(Beginning of Material for the task)

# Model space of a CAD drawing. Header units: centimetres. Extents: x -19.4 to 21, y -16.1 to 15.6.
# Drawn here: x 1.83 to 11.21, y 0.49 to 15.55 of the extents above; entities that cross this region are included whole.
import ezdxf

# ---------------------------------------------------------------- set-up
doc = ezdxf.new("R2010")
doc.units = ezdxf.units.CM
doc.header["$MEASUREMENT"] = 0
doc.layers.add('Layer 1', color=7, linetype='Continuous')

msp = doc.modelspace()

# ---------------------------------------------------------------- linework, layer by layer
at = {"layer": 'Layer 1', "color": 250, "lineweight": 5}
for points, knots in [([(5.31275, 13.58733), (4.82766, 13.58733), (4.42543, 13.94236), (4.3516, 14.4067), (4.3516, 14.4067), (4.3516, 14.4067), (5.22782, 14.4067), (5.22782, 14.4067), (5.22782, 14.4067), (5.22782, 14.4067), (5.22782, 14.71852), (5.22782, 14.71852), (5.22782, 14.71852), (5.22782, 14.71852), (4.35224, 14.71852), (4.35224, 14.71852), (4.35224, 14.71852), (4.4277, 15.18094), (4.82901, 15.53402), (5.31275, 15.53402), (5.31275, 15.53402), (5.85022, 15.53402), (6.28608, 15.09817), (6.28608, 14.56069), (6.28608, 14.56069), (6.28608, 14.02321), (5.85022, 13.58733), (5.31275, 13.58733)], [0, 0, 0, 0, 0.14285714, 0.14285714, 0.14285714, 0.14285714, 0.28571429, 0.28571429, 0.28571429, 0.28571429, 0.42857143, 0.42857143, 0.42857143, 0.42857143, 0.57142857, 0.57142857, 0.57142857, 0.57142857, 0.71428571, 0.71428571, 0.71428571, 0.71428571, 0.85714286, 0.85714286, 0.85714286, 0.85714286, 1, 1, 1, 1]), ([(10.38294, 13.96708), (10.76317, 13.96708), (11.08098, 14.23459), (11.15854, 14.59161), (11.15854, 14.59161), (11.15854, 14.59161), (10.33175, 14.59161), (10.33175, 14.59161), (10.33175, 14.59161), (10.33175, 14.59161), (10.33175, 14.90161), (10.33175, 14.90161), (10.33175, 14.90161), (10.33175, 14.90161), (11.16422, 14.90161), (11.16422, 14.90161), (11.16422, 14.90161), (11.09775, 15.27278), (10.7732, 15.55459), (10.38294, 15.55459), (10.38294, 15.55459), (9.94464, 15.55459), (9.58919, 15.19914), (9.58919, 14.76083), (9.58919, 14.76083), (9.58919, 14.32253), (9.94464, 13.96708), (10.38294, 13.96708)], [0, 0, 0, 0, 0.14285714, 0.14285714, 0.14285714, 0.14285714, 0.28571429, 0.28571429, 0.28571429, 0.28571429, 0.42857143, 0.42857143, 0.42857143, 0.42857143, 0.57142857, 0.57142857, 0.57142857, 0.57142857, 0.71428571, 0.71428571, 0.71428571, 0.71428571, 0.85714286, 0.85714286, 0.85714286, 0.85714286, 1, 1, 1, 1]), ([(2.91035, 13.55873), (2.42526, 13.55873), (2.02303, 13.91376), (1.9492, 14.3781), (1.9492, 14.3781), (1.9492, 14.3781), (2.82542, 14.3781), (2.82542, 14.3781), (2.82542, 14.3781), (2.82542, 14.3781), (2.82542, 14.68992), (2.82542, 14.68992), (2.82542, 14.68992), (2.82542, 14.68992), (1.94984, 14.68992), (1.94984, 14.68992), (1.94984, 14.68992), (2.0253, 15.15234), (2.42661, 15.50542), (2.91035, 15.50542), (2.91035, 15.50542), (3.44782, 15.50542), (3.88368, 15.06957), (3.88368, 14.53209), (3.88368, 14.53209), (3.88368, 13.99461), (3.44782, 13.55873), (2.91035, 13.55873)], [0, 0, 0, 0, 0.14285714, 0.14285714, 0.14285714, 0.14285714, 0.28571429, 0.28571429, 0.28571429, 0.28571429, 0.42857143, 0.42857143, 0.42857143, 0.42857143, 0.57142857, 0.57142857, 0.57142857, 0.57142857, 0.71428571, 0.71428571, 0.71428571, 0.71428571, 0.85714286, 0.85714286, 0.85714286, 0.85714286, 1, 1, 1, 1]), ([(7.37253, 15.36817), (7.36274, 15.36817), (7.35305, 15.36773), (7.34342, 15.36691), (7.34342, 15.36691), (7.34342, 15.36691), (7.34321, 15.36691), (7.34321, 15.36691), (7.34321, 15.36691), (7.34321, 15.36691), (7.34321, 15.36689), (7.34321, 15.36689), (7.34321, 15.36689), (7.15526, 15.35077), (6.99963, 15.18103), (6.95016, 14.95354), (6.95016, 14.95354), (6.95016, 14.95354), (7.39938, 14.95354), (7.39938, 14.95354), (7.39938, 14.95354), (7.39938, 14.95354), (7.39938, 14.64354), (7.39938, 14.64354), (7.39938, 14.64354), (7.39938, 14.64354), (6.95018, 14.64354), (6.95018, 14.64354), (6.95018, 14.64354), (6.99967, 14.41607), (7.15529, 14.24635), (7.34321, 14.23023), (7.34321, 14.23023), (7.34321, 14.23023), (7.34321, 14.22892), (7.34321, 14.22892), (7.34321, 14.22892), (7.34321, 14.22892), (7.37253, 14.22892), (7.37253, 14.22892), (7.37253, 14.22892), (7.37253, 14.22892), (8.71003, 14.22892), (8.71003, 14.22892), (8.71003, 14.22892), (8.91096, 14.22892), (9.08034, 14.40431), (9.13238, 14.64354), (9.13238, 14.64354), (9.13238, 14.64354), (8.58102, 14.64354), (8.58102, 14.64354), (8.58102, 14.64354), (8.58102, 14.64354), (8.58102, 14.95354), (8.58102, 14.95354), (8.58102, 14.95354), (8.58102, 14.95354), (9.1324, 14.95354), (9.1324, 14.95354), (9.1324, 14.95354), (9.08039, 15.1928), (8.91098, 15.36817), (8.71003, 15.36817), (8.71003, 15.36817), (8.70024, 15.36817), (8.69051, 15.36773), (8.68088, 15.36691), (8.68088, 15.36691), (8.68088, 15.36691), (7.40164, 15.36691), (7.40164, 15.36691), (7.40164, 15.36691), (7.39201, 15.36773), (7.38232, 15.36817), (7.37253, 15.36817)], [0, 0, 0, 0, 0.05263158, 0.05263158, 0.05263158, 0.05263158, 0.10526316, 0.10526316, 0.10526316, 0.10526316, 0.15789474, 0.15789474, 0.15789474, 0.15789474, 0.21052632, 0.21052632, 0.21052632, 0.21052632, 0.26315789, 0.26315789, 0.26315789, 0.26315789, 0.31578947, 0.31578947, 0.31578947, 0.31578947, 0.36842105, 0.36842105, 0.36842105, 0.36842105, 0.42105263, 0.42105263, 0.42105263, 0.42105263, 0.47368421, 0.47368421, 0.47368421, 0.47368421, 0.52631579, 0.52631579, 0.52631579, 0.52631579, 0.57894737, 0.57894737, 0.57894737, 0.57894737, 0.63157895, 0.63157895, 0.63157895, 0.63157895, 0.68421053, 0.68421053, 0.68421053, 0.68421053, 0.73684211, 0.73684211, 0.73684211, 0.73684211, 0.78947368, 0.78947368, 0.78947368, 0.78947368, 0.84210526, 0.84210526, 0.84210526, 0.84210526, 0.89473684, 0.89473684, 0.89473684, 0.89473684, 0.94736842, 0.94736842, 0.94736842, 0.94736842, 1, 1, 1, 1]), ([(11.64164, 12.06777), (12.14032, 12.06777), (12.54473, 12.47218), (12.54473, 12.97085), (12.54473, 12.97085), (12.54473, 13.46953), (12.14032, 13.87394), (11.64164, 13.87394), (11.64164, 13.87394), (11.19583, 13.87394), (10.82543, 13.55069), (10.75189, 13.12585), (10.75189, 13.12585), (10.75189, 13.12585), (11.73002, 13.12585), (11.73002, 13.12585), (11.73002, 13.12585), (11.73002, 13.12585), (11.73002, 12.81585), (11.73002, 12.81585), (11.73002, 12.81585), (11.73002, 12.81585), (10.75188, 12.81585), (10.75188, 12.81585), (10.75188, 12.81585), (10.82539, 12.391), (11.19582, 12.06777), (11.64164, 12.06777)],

(End of Material for the task)

Task goal: Where does the string "color" occur in the listing above? Return every line that contains it.

Reply to the exercise:
doc.layers.add('Layer 1', color=7, linetype='Continuous')
at = {"layer": 'Layer 1', "color": 250, "lineweight": 5}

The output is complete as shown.